In general, this panel belongs to one of the two panels in the closed cycle of solution and air flow. The fluids used in the present model include air and ethylene glycol or (CH2OH) 2, although their thermophysical properties are manually defined in the fluent. Ethylene glycol is a colorless, odorless, low volatility, low viscosity material whose properties are defined as temperature-dependent polynomials. Also, since hot and cold flows are not integrated in this heat exchanger, there is no need to use a multiphase flow module, and on the other hand, a separating plate is used as an interface.

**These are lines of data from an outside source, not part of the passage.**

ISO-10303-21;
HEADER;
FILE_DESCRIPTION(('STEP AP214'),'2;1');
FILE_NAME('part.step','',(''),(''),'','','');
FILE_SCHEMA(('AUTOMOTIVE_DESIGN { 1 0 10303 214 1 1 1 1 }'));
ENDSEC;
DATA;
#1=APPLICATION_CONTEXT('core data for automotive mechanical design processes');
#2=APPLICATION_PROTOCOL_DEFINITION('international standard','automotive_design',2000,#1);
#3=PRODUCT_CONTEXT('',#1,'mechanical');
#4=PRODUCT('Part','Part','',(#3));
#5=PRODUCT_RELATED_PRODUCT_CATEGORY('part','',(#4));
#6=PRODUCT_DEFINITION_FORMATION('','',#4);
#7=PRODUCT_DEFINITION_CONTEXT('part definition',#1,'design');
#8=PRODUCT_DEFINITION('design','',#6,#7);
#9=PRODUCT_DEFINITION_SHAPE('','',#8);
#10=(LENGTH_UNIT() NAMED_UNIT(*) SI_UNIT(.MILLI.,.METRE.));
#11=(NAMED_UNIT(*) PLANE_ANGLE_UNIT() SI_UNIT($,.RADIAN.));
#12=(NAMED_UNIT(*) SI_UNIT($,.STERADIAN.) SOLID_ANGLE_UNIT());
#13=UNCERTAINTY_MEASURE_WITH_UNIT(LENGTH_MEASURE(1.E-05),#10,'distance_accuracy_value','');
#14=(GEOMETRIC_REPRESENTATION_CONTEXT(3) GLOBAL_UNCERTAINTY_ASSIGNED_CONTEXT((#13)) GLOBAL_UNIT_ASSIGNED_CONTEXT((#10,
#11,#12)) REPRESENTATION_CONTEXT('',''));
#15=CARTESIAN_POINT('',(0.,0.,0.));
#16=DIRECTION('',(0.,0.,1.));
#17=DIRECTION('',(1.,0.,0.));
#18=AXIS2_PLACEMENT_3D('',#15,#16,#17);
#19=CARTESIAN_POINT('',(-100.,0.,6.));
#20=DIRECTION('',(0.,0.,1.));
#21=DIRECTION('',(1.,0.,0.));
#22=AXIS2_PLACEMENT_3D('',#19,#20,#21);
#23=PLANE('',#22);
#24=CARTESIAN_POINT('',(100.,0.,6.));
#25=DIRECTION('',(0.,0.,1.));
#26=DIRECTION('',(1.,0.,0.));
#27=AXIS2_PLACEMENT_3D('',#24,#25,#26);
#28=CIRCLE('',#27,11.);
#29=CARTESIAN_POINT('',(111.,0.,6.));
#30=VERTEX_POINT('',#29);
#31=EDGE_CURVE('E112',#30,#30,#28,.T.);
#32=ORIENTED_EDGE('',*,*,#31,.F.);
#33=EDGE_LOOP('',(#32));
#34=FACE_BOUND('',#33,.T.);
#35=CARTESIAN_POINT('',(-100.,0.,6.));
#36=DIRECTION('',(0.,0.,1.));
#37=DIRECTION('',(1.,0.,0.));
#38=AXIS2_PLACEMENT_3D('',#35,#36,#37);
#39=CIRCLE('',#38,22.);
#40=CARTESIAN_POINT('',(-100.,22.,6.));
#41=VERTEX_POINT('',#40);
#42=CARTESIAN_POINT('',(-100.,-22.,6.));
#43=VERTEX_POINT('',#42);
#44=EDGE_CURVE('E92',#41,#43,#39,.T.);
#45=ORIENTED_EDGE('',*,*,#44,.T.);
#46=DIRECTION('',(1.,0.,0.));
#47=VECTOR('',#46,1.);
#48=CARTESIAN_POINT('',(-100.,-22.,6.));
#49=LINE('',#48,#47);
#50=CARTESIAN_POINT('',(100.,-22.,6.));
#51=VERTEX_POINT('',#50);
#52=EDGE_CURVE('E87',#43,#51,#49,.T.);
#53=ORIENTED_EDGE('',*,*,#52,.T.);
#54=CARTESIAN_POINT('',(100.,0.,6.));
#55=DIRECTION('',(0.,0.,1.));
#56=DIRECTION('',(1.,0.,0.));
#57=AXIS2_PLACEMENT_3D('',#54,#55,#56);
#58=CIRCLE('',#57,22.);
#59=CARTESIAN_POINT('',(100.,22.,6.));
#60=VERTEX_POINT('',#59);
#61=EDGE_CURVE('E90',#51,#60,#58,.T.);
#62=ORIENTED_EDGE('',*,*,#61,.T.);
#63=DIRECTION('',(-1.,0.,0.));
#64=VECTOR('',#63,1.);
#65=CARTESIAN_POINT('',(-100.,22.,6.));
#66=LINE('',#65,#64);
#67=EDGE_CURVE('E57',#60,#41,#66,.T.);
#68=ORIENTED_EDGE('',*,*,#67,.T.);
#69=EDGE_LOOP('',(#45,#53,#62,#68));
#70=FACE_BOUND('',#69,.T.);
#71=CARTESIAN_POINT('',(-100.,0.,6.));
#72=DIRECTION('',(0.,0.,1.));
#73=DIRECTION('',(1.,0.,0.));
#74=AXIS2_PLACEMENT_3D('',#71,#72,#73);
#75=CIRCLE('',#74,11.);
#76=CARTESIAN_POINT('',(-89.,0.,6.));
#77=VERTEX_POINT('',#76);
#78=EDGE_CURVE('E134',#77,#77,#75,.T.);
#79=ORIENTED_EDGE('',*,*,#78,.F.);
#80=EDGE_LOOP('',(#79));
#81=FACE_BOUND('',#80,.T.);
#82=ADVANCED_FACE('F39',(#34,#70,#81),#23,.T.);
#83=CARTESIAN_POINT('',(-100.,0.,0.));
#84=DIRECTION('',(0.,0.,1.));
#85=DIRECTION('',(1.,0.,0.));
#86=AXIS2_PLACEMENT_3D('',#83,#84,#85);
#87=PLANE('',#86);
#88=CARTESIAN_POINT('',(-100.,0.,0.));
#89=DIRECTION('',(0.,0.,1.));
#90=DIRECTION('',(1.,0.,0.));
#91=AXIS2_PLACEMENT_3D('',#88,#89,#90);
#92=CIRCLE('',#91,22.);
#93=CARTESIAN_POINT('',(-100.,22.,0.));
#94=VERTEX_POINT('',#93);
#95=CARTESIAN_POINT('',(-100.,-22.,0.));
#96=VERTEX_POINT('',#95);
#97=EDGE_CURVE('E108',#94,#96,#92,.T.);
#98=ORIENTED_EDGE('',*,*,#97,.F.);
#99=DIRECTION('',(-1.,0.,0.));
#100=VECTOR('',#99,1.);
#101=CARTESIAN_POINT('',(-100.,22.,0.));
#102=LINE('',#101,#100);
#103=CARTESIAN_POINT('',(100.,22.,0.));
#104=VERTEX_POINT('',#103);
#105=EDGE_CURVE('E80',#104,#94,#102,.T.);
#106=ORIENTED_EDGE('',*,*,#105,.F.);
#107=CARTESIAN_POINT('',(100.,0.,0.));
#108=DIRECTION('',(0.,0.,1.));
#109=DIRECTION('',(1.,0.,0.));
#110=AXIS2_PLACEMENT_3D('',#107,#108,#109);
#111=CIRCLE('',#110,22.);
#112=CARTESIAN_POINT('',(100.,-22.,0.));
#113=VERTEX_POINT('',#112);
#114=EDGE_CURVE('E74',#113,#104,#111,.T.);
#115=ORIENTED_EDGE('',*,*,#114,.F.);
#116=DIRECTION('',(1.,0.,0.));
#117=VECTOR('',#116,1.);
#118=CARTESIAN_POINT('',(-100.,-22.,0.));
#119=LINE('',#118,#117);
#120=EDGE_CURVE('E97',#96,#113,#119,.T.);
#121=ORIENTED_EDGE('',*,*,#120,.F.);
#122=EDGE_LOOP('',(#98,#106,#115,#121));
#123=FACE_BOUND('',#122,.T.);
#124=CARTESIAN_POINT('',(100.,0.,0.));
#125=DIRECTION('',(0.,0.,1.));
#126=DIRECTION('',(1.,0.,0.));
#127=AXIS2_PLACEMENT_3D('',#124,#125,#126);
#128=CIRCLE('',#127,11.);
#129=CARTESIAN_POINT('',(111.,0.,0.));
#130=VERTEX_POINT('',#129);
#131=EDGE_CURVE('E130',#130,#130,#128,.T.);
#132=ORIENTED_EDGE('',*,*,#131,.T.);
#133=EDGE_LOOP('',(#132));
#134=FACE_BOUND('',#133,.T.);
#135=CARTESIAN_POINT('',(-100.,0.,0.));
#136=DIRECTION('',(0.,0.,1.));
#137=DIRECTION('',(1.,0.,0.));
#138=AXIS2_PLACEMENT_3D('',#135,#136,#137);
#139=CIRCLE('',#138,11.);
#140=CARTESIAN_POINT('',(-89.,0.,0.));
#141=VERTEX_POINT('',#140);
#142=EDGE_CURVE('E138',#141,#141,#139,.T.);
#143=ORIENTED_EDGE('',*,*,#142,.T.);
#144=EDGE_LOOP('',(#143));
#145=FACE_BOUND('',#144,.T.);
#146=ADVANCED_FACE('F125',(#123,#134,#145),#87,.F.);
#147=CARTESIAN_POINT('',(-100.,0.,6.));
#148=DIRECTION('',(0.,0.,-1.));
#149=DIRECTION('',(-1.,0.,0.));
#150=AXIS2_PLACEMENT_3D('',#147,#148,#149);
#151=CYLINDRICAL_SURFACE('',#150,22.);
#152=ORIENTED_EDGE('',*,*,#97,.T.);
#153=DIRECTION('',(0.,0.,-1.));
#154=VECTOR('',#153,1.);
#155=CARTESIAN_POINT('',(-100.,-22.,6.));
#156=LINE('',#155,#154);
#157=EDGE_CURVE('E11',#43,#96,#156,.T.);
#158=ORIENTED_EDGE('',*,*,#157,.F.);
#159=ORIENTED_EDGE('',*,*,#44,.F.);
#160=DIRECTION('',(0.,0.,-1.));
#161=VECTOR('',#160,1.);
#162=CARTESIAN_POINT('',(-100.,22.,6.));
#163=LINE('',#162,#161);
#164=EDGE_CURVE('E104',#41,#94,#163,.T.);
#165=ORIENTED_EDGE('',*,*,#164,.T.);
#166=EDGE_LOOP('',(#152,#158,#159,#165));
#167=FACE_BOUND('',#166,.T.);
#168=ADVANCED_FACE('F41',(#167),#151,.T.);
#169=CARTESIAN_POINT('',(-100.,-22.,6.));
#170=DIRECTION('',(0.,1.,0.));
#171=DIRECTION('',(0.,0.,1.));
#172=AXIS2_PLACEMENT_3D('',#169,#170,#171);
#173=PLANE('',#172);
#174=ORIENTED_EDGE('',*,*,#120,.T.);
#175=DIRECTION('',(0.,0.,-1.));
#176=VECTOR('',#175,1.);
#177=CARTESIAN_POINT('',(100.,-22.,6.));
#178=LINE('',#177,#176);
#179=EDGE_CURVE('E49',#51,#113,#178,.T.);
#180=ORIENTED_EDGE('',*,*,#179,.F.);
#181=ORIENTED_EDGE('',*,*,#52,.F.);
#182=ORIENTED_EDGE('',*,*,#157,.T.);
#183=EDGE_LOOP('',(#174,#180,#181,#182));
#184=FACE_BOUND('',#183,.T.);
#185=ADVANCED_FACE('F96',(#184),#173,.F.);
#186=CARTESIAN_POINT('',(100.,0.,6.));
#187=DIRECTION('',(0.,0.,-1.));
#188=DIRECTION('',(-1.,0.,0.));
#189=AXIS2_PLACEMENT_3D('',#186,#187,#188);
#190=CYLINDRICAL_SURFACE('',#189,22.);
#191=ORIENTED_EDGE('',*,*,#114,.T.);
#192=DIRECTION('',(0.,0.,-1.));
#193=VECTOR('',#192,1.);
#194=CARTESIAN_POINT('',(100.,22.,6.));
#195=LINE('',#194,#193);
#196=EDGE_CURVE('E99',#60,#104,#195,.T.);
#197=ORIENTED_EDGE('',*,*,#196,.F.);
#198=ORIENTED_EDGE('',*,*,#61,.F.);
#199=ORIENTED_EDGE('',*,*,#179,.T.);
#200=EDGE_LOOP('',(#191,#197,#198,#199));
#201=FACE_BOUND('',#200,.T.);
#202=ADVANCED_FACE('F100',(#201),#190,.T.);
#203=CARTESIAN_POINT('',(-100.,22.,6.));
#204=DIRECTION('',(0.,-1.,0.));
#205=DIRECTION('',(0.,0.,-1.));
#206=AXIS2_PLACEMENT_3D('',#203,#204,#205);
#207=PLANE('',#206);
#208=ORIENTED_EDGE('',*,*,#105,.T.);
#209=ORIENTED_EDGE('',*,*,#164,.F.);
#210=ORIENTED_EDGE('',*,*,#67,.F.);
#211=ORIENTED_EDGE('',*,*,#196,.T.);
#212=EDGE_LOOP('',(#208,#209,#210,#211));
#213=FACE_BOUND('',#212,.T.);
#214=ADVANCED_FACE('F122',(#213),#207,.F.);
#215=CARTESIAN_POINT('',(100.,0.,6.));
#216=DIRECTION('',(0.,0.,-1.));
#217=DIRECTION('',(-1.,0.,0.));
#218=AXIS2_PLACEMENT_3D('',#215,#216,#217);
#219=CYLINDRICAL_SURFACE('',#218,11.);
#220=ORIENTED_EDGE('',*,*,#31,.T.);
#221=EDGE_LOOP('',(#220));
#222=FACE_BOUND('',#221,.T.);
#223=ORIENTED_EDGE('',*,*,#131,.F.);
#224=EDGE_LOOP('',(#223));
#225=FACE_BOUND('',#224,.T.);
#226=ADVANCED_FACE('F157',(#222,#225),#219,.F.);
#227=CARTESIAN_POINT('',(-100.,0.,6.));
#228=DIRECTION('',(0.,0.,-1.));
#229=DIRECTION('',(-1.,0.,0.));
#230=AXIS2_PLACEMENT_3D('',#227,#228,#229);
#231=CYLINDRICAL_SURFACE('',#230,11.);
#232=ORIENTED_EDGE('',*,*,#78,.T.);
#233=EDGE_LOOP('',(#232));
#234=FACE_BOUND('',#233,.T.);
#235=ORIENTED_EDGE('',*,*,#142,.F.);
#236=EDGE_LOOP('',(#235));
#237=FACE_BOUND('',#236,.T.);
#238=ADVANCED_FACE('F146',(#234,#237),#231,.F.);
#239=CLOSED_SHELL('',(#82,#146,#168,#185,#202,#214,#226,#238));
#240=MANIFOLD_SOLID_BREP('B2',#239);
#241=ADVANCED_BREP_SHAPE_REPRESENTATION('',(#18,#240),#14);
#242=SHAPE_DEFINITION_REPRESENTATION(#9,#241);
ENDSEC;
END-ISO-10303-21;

The dissolved fluid in the model has a temperature higher than the air flow and therefore the purpose of the problem is to cool the hot air flow outlet. The general purpose of the present problem is to study the fluid behavior and heat transfer of the flows and to investigate the performance efficiency of the heat exchanger.
Geometry & Mesh
The geometry of the present model is designed in three dimensions using Design Modeler software. The present model belongs to a heat exchanger panel with two flow paths; So that on the one hand, the flow of hot dissolved fluid and on the other hand, the flow of cold air move in the opposite direction. Exterior walls also act as insulation. The dimensions of the heat exchanger are 1 m * 0.5 m, from which the air flow enters and exits from a width of 0.5 m; While the flow of solution enters and exits from sections with a length of 0.1 m from the length of the heat exchanger.
Therefore, the ratio of the length of the inlet or outlet of the solution flow to the total length of the heat exchanger is 0.1. The following figure 1 shows a view of the geometry.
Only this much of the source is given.